Dix jours après l'élection de la député insoumise Aurélie Trouvé à la présidence de la Commission des Affaires économiques, nouvelle "paume" au Palais-Bourbon. 

Pour remplacer la LR Annie Genevard nommée au gouvernement, les députés, après trois tours de scrutin, ont élu mardi soir le député écologiste Jérémie Iordanoff, qui a devancé de 14 voix la candidate LR soutenue par le camp présidentiel, Virginie Duby-Muller.

Même cause, mêmes effets. Et jeu perdant-perdant pour le "socle commun" à l'Assemblée. Pour les LR, qui perdent une vice-présidence malgré le profil très "Macron-compatible" de la députée de Haute-Savoie. 

Pour le camp présidentiel qui, empêtré dans sa querelle avec le groupe de Laurent Wauquiez, s'est au demeurant divisé, avec la candidature au deux premiers tours de Christophe Blanchet qui a ratissé bien au delà de son seul groupe MoDem.

Chez Ensemble pour la République (EPR), Gabriel Attal avait pourtant battu le rappel en faveur de la candidate LR. Dans la matinée, l'ancien Premier ministre avait assuré cette position à Matignon devant son successeur, Michel Barnier, et les autres cadres du "socle commun". 

Consigne avait été donnée d'outrepasser la rancœur contre LR après l'épisode Aurélie Trouvé.

"Le MoDem ne nous aide pas sur ce coup-là", a-t-on regretté mardi soir dans l'entourage de Gabriel Attal.

"Je sens bien qu'on va nous faire porter tous les chapeaux de la terre", a ironisé le président du groupe MoDem, Marc Fesneau. Le parti centriste, déjà victime des premiers atermoiements du fameux "socle commun" en juillet, a présenté son candidat. 

"M. Attal a dit à ses troupes de voter pour les LR et pas pour le MoDem (...) C'est un mauvais axe pour M. Attal, qui vient du PS, avec des gens (LR, NDLR) qui demain lui taperont dessus", a cinglé le député MoDem Richard Ramos.

- Coalition sans contrat -

C'est le paradoxe de cette Assemblée issue d'une dissolution décidée un soir de juin à l’Élysée: ce "socle", allant des soutiens d'Emmanuel Macron - Renaissance, MoDem, Horizons - aux Républicains (LR) en passant par une partie du groupe centriste Liot s'est formé pour assurer la réélection au perchoir de la macroniste Yaël Braun-Pivet, et servir de base à la nomination à Matignon de Michel Barnier. Voilà la gauche écartée.

Mais depuis lors, c'est le grand désaccord, sur la répartition des postes à l'Assemblée, l'attitude envers le gouvernement Barnier ou encore pour l'examen du budget.

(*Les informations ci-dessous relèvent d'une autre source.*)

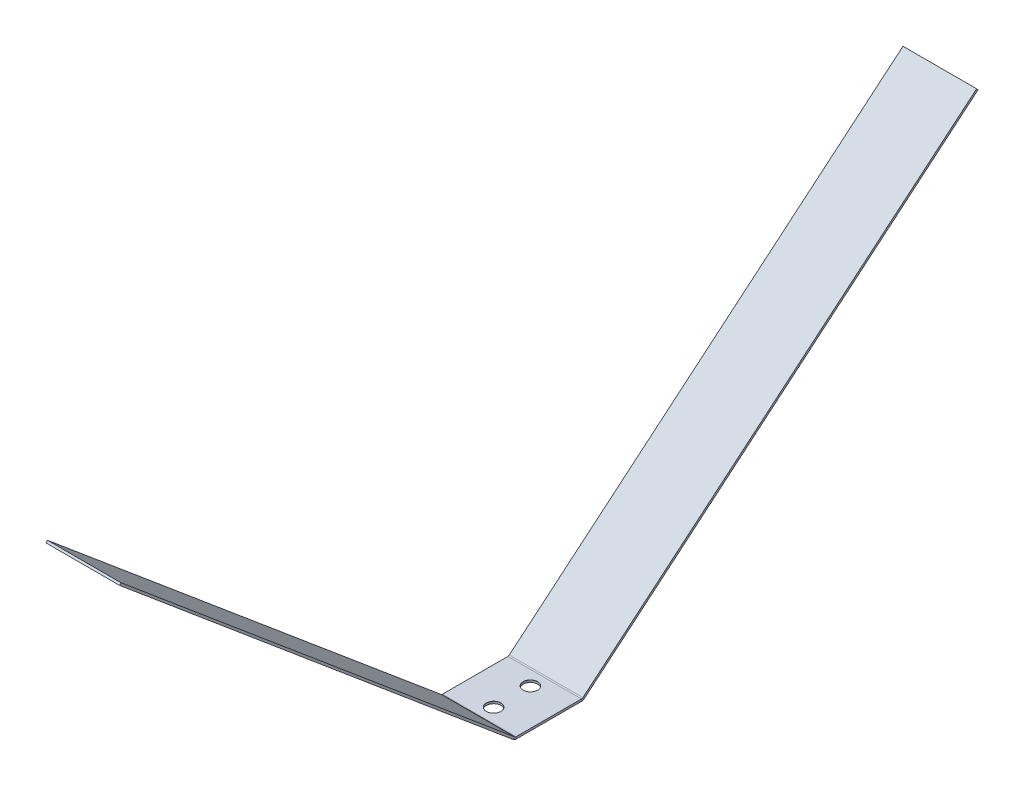
ISO-10303-21;
HEADER;
FILE_DESCRIPTION(('STEP AP214'),'2;1');
FILE_NAME('part.step','',(''),(''),'','','');
FILE_SCHEMA(('AUTOMOTIVE_DESIGN { 1 0 10303 214 1 1 1 1 }'));
ENDSEC;
DATA;
#1=APPLICATION_CONTEXT('core data for automotive mechanical design processes');
#2=APPLICATION_PROTOCOL_DEFINITION('international standard','automotive_design',2000,#1);
#3=PRODUCT_CONTEXT('',#1,'mechanical');
#4=PRODUCT('Part','Part','',(#3));
#5=PRODUCT_RELATED_PRODUCT_CATEGORY('part','',(#4));
#6=PRODUCT_DEFINITION_FORMATION('','',#4);
#7=PRODUCT_DEFINITION_CONTEXT('part definition',#1,'design');
#8=PRODUCT_DEFINITION('design','',#6,#7);
#9=PRODUCT_DEFINITION_SHAPE('','',#8);
#10=(LENGTH_UNIT() NAMED_UNIT(*) SI_UNIT(.MILLI.,.METRE.));
#11=(NAMED_UNIT(*) PLANE_ANGLE_UNIT() SI_UNIT($,.RADIAN.));
#12=(NAMED_UNIT(*) SI_UNIT($,.STERADIAN.) SOLID_ANGLE_UNIT());
#13=UNCERTAINTY_MEASURE_WITH_UNIT(LENGTH_MEASURE(1.E-05),#10,'distance_accuracy_value','');
#14=(GEOMETRIC_REPRESENTATION_CONTEXT(3) GLOBAL_UNCERTAINTY_ASSIGNED_CONTEXT((#13)) GLOBAL_UNIT_ASSIGNED_CONTEXT((#10,
#11,#12)) REPRESENTATION_CONTEXT('',''));
#15=CARTESIAN_POINT('',(0.,0.,0.));
#16=DIRECTION('',(0.,0.,1.));
#17=DIRECTION('',(1.,0.,0.));
#18=AXIS2_PLACEMENT_3D('',#15,#16,#17);
#19=CARTESIAN_POINT('',(0.,-0.7366,0.));
#20=DIRECTION('',(0.,-1.,0.));
#21=DIRECTION('',(0.,0.,-1.));
#22=AXIS2_PLACEMENT_3D('',#19,#20,#21);
#23=PLANE('',#22);
#24=CARTESIAN_POINT('',(800.1,-0.7366,-107.95));
#25=DIRECTION('',(0.,-1.,0.));
#26=DIRECTION('',(0.,0.,-1.));
#27=AXIS2_PLACEMENT_3D('',#24,#25,#26);
#28=CIRCLE('',#27,2.49999999999995);
#29=CARTESIAN_POINT('',(800.1,-0.7366,-110.45));
#30=VERTEX_POINT('',#29);
#31=EDGE_CURVE('E91',#30,#30,#28,.T.);
#32=ORIENTED_EDGE('',*,*,#31,.F.);
#33=EDGE_LOOP('',(#32));
#34=FACE_BOUND('',#33,.T.);
#35=CARTESIAN_POINT('',(800.1,-0.7366,-95.25));
#36=DIRECTION('',(0.,-1.,0.));
#37=DIRECTION('',(0.,0.,-1.));
#38=AXIS2_PLACEMENT_3D('',#35,#36,#37);
#39=CIRCLE('',#38,2.49999999999995);
#40=CARTESIAN_POINT('',(800.1,-0.7366,-97.7499999999999));
#41=VERTEX_POINT('',#40);
#42=EDGE_CURVE('E200',#41,#41,#39,.T.);
#43=ORIENTED_EDGE('',*,*,#42,.F.);
#44=EDGE_LOOP('',(#43));
#45=FACE_BOUND('',#44,.T.);
#46=DIRECTION('',(0.,0.,-1.));
#47=VECTOR('',#46,1.);
#48=CARTESIAN_POINT('',(812.8,-0.7366,-88.9));
#49=LINE('',#48,#47);
#50=CARTESIAN_POINT('',(812.8,-0.736600000000013,-90.3140466454259));
#51=VERTEX_POINT('',#50);
#52=CARTESIAN_POINT('',(812.8,-0.7366,-112.885953354574));
#53=VERTEX_POINT('',#52);
#54=EDGE_CURVE('E96',#51,#53,#49,.T.);
#55=ORIENTED_EDGE('',*,*,#54,.F.);
#56=DIRECTION('',(1.,0.,0.));
#57=VECTOR('',#56,1.);
#58=CARTESIAN_POINT('',(812.8,-0.736600000000013,-90.3140466454259));
#59=LINE('',#58,#57);
#60=CARTESIAN_POINT('',(787.4,-0.7366,-90.3140466454259));
#61=VERTEX_POINT('',#60);
#62=EDGE_CURVE('E251',#51,#61,#59,.F.);
#63=ORIENTED_EDGE('',*,*,#62,.T.);
#64=DIRECTION('',(0.,0.,1.));
#65=VECTOR('',#64,1.);
#66=CARTESIAN_POINT('',(787.4,-0.7366,-88.9));
#67=LINE('',#66,#65);
#68=CARTESIAN_POINT('',(787.4,-0.736600000000006,-112.885953354574));
#69=VERTEX_POINT('',#68);
#70=EDGE_CURVE('E13',#69,#61,#67,.T.);
#71=ORIENTED_EDGE('',*,*,#70,.F.);
#72=DIRECTION('',(-1.,0.,0.));
#73=VECTOR('',#72,1.);
#74=CARTESIAN_POINT('',(787.4,-0.736600000000006,-112.885953354574));
#75=LINE('',#74,#73);
#76=EDGE_CURVE('E111',#69,#53,#75,.F.);
#77=ORIENTED_EDGE('',*,*,#76,.T.);
#78=EDGE_LOOP('',(#55,#63,#71,#77));
#79=FACE_BOUND('',#78,.T.);
#80=ADVANCED_FACE('F87',(#34,#45,#79),#23,.T.);
#81=CARTESIAN_POINT('',(0.,0.,0.));
#82=DIRECTION('',(0.,-1.,0.));
#83=DIRECTION('',(0.,0.,-1.));
#84=AXIS2_PLACEMENT_3D('',#81,#82,#83);
#85=PLANE('',#84);
#86=CARTESIAN_POINT('',(800.1,0.,-107.95));
#87=DIRECTION('',(0.,1.,0.));
#88=DIRECTION('',(0.,0.,1.));
#89=AXIS2_PLACEMENT_3D('',#86,#87,#88);
#90=CIRCLE('',#89,2.525);
#91=CARTESIAN_POINT('',(800.1,0.,-105.425));
#92=VERTEX_POINT('',#91);
#93=EDGE_CURVE('E638',#92,#92,#90,.T.);
#94=ORIENTED_EDGE('',*,*,#93,.F.);
#95=EDGE_LOOP('',(#94));
#96=FACE_BOUND('',#95,.T.);
#97=CARTESIAN_POINT('',(800.1,0.,-95.25));
#98=DIRECTION('',(0.,1.,0.));
#99=DIRECTION('',(0.,0.,1.));
#100=AXIS2_PLACEMENT_3D('',#97,#98,#99);
#101=CIRCLE('',#100,2.525);
#102=CARTESIAN_POINT('',(800.1,0.,-92.725));
#103=VERTEX_POINT('',#102);
#104=EDGE_CURVE('E210',#103,#103,#101,.T.);
#105=ORIENTED_EDGE('',*,*,#104,.F.);
#106=EDGE_LOOP('',(#105));
#107=FACE_BOUND('',#106,.T.);
#108=DIRECTION('',(1.,0.,0.));
#109=VECTOR('',#108,1.);
#110=CARTESIAN_POINT('',(812.8,0.,-90.3140466454259));
#111=LINE('',#110,#109);
#112=CARTESIAN_POINT('',(812.8,0.,-90.3140466454259));
#113=VERTEX_POINT('',#112);
#114=CARTESIAN_POINT('',(787.4,0.,-90.3140466454259));
#115=VERTEX_POINT('',#114);
#116=EDGE_CURVE('E264',#113,#115,#111,.F.);
#117=ORIENTED_EDGE('',*,*,#116,.F.);
#118=DIRECTION('',(0.,0.,-1.));
#119=VECTOR('',#118,1.);
#120=CARTESIAN_POINT('',(812.8,0.,-88.9));
#121=LINE('',#120,#119);
#122=CARTESIAN_POINT('',(812.8,0.,-112.885953354574));
#123=VERTEX_POINT('',#122);
#124=EDGE_CURVE('E194',#113,#123,#121,.T.);
#125=ORIENTED_EDGE('',*,*,#124,.T.);
#126=DIRECTION('',(-1.,0.,0.));
#127=VECTOR('',#126,1.);
#128=CARTESIAN_POINT('',(787.4,0.,-112.885953354574));
#129=LINE('',#128,#127);
#130=CARTESIAN_POINT('',(787.4,0.,-112.885953354574));
#131=VERTEX_POINT('',#130);
#132=EDGE_CURVE('E155',#131,#123,#129,.F.);
#133=ORIENTED_EDGE('',*,*,#132,.F.);
#134=DIRECTION('',(0.,0.,1.));
#135=VECTOR('',#134,1.);
#136=CARTESIAN_POINT('',(787.4,0.,-88.9));
#137=LINE('',#136,#135);
#138=EDGE_CURVE('E196',#131,#115,#137,.T.);
#139=ORIENTED_EDGE('',*,*,#138,.T.);
#140=EDGE_LOOP('',(#117,#125,#133,#139));
#141=FACE_BOUND('',#140,.T.);
#142=ADVANCED_FACE('F323',(#96,#107,#141),#85,.F.);
#143=CARTESIAN_POINT('',(812.8,-0.7366,-88.9));
#144=DIRECTION('',(1.,0.,0.));
#145=DIRECTION('',(0.,0.,-1.));
#146=AXIS2_PLACEMENT_3D('',#143,#144,#145);
#147=PLANE('',#146);
#148=ORIENTED_EDGE('',*,*,#124,.F.);
#149=DIRECTION('',(0.,-1.,0.));
#150=VECTOR('',#149,1.);
#151=CARTESIAN_POINT('',(812.8,0.,-90.3140466454259));
#152=LINE('',#151,#150);
#153=EDGE_CURVE('E258',#113,#51,#152,.T.);
#154=ORIENTED_EDGE('',*,*,#153,.T.);
#155=ORIENTED_EDGE('',*,*,#54,.T.);
#156=DIRECTION('',(0.,-1.,0.));
#157=VECTOR('',#156,1.);
#158=CARTESIAN_POINT('',(812.8,0.,-112.885953354574));
#159=LINE('',#158,#157);
#160=EDGE_CURVE('E191',#123,#53,#159,.T.);
#161=ORIENTED_EDGE('',*,*,#160,.F.);
#162=EDGE_LOOP('',(#148,#154,#155,#161));
#163=FACE_BOUND('',#162,.T.);
#164=ADVANCED_FACE('F89',(#163),#147,.T.);
#165=CARTESIAN_POINT('',(787.4,-0.7366,-88.9));
#166=DIRECTION('',(-1.,0.,0.));
#167=DIRECTION('',(0.,0.,1.));
#168=AXIS2_PLACEMENT_3D('',#165,#166,#167);
#169=PLANE('',#168);
#170=DIRECTION('',(0.,-1.,0.));
#171=VECTOR('',#170,1.);
#172=CARTESIAN_POINT('',(787.4,0.,-90.3140466454259));
#173=LINE('',#172,#171);
#174=EDGE_CURVE('E182',#115,#61,#173,.T.);
#175=ORIENTED_EDGE('',*,*,#174,.F.);
#176=ORIENTED_EDGE('',*,*,#138,.F.);
#177=DIRECTION('',(0.,-1.,0.));
#178=VECTOR('',#177,1.);
#179=CARTESIAN_POINT('',(787.4,0.,-112.885953354574));
#180=LINE('',#179,#178);
#181=EDGE_CURVE('E154',#131,#69,#180,.T.);
#182=ORIENTED_EDGE('',*,*,#181,.T.);
#183=ORIENTED_EDGE('',*,*,#70,.T.);
#184=EDGE_LOOP('',(#175,#176,#182,#183));
#185=FACE_BOUND('',#184,.T.);
#186=ADVANCED_FACE('F336',(#185),#169,.T.);
#187=CARTESIAN_POINT('',(812.8,0.736599999999997,-112.885953354574));
#188=DIRECTION('',(1.,0.,0.));
#189=DIRECTION('',(0.,1.,0.));
#190=AXIS2_PLACEMENT_3D('',#187,#188,#189);
#191=PLANE('',#190);
#192=DIRECTION('',(0.,0.766044443118982,0.642787609686535));
#193=VECTOR('',#192,1.);
#194=CARTESIAN_POINT('',(812.8,-0.391936673602876,-113.832908061164));
#195=LINE('',#194,#193);
#196=CARTESIAN_POINT('',(812.8,0.172331663198554,-113.359430707869));
#197=VERTEX_POINT('',#196);
#198=CARTESIAN_POINT('',(812.8,-0.391936673602889,-113.832908061164));
#199=VERTEX_POINT('',#198);
#200=EDGE_CURVE('E145',#197,#199,#195,.F.);
#201=ORIENTED_EDGE('',*,*,#200,.F.);
#202=CARTESIAN_POINT('',(812.8,0.736599999999997,-112.885953354574));
#203=DIRECTION('',(-1.,0.,0.));
#204=DIRECTION('',(0.,-1.,0.));
#205=AXIS2_PLACEMENT_3D('',#202,#203,#204);
#206=CIRCLE('',#205,0.736600000000002);
#207=EDGE_CURVE('E139',#123,#197,#206,.F.);
#208=ORIENTED_EDGE('',*,*,#207,.F.);
#209=ORIENTED_EDGE('',*,*,#160,.T.);
#210=CARTESIAN_POINT('',(812.8,0.736599999999997,-112.885953354574));
#211=DIRECTION('',(-1.,0.,0.));
#212=DIRECTION('',(0.,-1.,0.));
#213=AXIS2_PLACEMENT_3D('',#210,#211,#212);
#214=CIRCLE('',#213,1.4732);
#215=EDGE_CURVE('E184',#53,#199,#214,.F.);
#216=ORIENTED_EDGE('',*,*,#215,.T.);
#217=EDGE_LOOP('',(#201,#208,#209,#216));
#218=FACE_BOUND('',#217,.T.);
#219=ADVANCED_FACE('F338',(#218),#191,.T.);
#220=CARTESIAN_POINT('',(787.4,0.736599999999995,-112.885953354574));
#221=DIRECTION('',(1.,0.,0.));
#222=DIRECTION('',(0.,1.,0.));
#223=AXIS2_PLACEMENT_3D('',#220,#221,#222);
#224=PLANE('',#223);
#225=CARTESIAN_POINT('',(787.4,0.736599999999995,-112.885953354574));
#226=DIRECTION('',(-1.,0.,0.));
#227=DIRECTION('',(0.,-1.,0.));
#228=AXIS2_PLACEMENT_3D('',#225,#226,#227);
#229=CIRCLE('',#228,0.736600000000002);
#230=CARTESIAN_POINT('',(787.4,0.172331663198552,-113.359430707869));
#231=VERTEX_POINT('',#230);
#232=EDGE_CURVE('E136',#231,#131,#229,.T.);
#233=ORIENTED_EDGE('',*,*,#232,.F.);
#234=DIRECTION('',(0.,0.766044443118982,0.642787609686535));
#235=VECTOR('',#234,1.);
#236=CARTESIAN_POINT('',(787.4,0.172331663198549,-113.359430707869));
#237=LINE('',#236,#235);
#238=CARTESIAN_POINT('',(787.4,-0.391936673602892,-113.832908061164));
#239=VERTEX_POINT('',#238);
#240=EDGE_CURVE('E144',#231,#239,#237,.F.);
#241=ORIENTED_EDGE('',*,*,#240,.T.);
#242=CARTESIAN_POINT('',(787.4,0.736599999999995,-112.885953354574));
#243=DIRECTION('',(-1.,0.,0.));
#244=DIRECTION('',(0.,-1.,0.));
#245=AXIS2_PLACEMENT_3D('',#242,#243,#244);
#246=CIRCLE('',#245,1.4732);
#247=EDGE_CURVE('E185',#239,#69,#246,.T.);
#248=ORIENTED_EDGE('',*,*,#247,.T.);
#249=ORIENTED_EDGE('',*,*,#181,.F.);
#250=EDGE_LOOP('',(#233,#241,#248,#249));
#251=FACE_BOUND('',#250,.T.);
#252=ADVANCED_FACE('F150',(#251),#224,.F.);
#253=CARTESIAN_POINT('',(787.4,0.736599999999995,-112.885953354574));
#254=DIRECTION('',(-1.,0.,0.));
#255=DIRECTION('',(0.,-0.766044443118982,-0.642787609686535));
#256=AXIS2_PLACEMENT_3D('',#253,#254,#255);
#257=CYLINDRICAL_SURFACE('',#256,1.4732);
#258=ORIENTED_EDGE('',*,*,#76,.F.);
#259=ORIENTED_EDGE('',*,*,#247,.F.);
#260=DIRECTION('',(-1.,0.,0.));
#261=VECTOR('',#260,1.);
#262=CARTESIAN_POINT('',(812.8,-0.391936673602896,-113.832908061164));
#263=LINE('',#262,#261);
#264=EDGE_CURVE('E168',#239,#199,#263,.F.);
#265=ORIENTED_EDGE('',*,*,#264,.T.);
#266=ORIENTED_EDGE('',*,*,#215,.F.);
#267=EDGE_LOOP('',(#258,#259,#265,#266));
#268=FACE_BOUND('',#267,.T.);
#269=ADVANCED_FACE('F418',(#268),#257,.T.);
#270=CARTESIAN_POINT('',(787.4,0.736599999999995,-112.885953354574));
#271=DIRECTION('',(-1.,0.,0.));
#272=DIRECTION('',(0.,-0.766044443118982,-0.642787609686535));
#273=AXIS2_PLACEMENT_3D('',#270,#271,#272);
#274=CYLINDRICAL_SURFACE('',#273,0.736600000000002);
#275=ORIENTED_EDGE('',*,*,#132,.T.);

Une coalition sans contrat de coalition. Dont la fragilité apparaît vote après vote au Palais-Bourbon, alors qu'a débuté l'examen du budget, à qui l'ensemble des observateurs promettent une adoption par 49.3.

Revenus comme par miracle au pouvoir dont ils étaient éloignés depuis douze ans, les LR jouent les bons élèves. "On ne joue pas à +si vous ne nous suivez pas, on vote la censure+, on ne joue pas à +si vous n’augmentez pas mon budget, je démissionne+. On essaie d’être solide dans la période", explique l'un d'eux, dans une claire allusion aux députés et ministres macronistes.

Mais pas question pour autant de défendre le bilan d'Emmanuel Macron. Et le groupe LR repris en main par Laurent Wauquiez s'estime lésé depuis le mois de juillet. Se juge désormais sous-représenté aux postes importants de l'Assemblée. Et accuse même Gabriel Attal et les macronistes d'avoir "dealé avec le RN".

Côté présidentiel, l'équation est encore plus complexe. En froid avec l’Élysée, mais confortablement élu président de groupe par ses pairs députés, Gabriel Attal joue une partition délicate: soutenir Michel Barnier, qui ne l'épargne guère, tout en défendant le bilan de sept ans de macronisme au gouvernement.

"Certaines de ses décisions, il les prend plus pour garder son groupe ensemble qu'autre chose", juge une figure du Palais-Bourbon. Le président du groupe Ensemble pour la République (EPR) n'a pas que des soutiens chez les macronistes. Lui qui juge au contraire que sa présence à la tête du groupe a permis de maintenir l'unité, menacée après les législatives, et devrait probablement concourir face à Elisabeth Borne pour la direction du parti Renaissance.

"Ne tombons pas dans le piège des LR", insiste-t-on mardi dans l'entourage de Gabriel Attal.